To make this schema useful, field resolvers must be added to it. These functions are responsible for doing the real work (querying databases, communicating with other servers, and so forth). These are attached to the schema after it is read from an EDN file.
The client uses the GraphQL query language to specify exactly what data should be returned in the result map:
{
hero {
id
name
friends {
name
}
}
}
This translates to “run the hero query; return the default hero’s id and name, and friends; just return the name of each friend.”

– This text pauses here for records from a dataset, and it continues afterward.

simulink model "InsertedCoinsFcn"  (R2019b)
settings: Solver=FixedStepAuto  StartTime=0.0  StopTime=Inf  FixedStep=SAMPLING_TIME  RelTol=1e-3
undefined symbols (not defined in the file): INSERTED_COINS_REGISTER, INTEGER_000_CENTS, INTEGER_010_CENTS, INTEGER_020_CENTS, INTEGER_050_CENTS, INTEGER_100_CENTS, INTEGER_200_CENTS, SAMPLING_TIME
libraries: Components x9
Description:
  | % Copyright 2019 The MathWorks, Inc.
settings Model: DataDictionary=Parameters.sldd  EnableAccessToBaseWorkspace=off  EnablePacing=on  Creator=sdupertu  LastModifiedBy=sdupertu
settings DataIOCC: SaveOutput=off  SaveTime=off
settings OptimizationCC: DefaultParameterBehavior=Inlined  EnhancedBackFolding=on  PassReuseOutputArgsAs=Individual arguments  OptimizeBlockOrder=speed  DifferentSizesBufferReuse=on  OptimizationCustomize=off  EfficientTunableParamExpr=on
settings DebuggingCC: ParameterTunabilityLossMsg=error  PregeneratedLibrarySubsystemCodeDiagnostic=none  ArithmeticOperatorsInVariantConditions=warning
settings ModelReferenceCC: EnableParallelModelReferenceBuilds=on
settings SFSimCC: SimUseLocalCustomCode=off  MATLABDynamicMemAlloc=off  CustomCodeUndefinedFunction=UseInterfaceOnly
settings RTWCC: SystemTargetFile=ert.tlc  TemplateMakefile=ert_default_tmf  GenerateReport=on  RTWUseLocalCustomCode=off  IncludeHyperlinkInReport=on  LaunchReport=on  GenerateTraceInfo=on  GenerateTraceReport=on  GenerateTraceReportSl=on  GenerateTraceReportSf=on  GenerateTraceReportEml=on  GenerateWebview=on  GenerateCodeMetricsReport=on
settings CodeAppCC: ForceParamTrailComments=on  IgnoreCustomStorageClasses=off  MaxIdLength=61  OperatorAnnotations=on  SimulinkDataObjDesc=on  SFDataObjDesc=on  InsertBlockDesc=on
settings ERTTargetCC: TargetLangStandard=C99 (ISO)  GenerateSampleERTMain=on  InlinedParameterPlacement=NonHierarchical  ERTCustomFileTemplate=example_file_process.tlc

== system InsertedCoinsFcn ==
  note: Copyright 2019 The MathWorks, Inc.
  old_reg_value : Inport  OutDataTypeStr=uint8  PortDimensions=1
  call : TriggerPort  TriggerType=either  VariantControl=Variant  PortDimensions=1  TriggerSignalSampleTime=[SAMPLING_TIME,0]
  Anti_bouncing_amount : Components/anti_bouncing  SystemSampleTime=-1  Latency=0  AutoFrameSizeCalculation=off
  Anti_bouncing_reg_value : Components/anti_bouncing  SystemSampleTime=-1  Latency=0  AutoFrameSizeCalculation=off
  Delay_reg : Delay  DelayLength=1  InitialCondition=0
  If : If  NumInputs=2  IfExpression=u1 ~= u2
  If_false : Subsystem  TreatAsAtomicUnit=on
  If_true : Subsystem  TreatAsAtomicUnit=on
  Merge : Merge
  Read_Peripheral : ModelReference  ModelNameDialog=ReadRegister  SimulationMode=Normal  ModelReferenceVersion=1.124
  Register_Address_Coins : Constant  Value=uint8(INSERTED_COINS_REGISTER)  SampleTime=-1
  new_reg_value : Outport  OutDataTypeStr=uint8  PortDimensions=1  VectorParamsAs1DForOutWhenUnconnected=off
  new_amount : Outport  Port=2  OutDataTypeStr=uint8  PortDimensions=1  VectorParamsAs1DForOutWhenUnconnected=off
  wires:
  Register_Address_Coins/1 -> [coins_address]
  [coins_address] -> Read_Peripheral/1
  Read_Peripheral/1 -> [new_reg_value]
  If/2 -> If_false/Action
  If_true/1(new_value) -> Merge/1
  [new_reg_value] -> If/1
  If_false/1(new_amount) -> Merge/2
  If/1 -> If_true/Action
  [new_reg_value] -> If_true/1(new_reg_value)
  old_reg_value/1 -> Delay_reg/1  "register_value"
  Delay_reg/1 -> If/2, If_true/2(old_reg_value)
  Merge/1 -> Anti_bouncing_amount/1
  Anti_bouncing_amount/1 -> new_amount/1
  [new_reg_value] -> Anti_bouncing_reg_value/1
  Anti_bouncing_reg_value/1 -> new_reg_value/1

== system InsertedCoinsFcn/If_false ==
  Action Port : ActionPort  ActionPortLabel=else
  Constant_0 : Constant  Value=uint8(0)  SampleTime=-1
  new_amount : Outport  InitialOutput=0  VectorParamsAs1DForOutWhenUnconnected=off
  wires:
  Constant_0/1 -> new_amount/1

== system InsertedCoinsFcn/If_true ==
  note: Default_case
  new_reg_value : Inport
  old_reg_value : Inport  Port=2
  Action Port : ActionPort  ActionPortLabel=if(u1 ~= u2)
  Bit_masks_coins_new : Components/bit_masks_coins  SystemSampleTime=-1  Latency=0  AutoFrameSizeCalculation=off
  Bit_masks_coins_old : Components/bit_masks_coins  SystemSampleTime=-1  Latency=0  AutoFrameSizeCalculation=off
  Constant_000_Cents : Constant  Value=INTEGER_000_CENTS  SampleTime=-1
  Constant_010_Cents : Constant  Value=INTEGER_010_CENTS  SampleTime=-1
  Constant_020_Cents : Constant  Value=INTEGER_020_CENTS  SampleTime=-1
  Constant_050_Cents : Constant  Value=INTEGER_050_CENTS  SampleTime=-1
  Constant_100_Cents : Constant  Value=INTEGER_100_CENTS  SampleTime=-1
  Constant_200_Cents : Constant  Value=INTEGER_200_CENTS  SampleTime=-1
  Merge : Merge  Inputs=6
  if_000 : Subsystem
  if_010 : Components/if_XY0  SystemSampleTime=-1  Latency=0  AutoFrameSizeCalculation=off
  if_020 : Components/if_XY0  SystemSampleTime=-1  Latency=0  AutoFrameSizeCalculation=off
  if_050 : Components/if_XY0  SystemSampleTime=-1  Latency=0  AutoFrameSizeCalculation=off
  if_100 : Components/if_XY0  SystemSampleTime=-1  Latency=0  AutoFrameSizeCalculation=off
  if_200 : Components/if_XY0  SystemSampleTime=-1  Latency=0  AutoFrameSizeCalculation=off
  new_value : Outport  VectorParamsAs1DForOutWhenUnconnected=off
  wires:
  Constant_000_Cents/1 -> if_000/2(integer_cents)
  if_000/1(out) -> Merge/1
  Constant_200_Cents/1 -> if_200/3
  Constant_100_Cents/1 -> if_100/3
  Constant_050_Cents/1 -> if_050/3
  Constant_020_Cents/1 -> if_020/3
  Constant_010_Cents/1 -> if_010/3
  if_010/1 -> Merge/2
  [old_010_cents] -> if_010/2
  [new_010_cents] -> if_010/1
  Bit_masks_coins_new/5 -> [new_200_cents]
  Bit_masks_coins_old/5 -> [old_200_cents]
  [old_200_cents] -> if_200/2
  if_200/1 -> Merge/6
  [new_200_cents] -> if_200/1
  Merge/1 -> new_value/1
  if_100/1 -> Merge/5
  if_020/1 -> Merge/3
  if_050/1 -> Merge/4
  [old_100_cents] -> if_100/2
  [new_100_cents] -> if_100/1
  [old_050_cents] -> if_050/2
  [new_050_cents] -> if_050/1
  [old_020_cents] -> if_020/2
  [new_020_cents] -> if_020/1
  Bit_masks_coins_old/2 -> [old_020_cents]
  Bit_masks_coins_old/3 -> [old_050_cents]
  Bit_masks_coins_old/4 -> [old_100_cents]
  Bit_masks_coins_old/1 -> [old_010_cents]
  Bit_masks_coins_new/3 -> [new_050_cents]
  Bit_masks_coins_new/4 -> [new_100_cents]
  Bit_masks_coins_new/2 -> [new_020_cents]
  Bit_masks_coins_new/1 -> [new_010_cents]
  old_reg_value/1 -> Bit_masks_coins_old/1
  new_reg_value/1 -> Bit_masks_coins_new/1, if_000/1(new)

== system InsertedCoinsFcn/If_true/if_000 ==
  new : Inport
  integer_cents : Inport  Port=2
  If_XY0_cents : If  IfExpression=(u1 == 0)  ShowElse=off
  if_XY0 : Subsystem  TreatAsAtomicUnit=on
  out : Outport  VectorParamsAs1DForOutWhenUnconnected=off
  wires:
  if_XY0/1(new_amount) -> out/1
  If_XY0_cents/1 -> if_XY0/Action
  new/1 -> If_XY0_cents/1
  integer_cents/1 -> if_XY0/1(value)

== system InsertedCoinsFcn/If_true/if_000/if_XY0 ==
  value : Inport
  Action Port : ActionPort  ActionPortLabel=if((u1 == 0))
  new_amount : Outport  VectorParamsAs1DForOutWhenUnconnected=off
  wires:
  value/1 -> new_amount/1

Lacinia will return this as Clojure data:
{:data
{:hero
{:id "2001"
:name "R2-D2"
:friends [{:name "Luke Sykwalker"},
{:name "Han Solo"},
{:name "Leia Organa"}]}}}
This is because R2-D2 is, of course, considered the hero of the Star Wars trilogy.
This Clojure data can be trivially converted into JSON or other formats when Lacinia is used as part of an HTTP server application.
A key takeaway: GraphQL is a contract between a client and a server; it doesn’t know or care where the data comes from; that’s the province of the field resolvers. That’s great news: it means Lacinia is equally adept at pulling data out of a single database as it is at integrating and organizing data from multiple backend systems.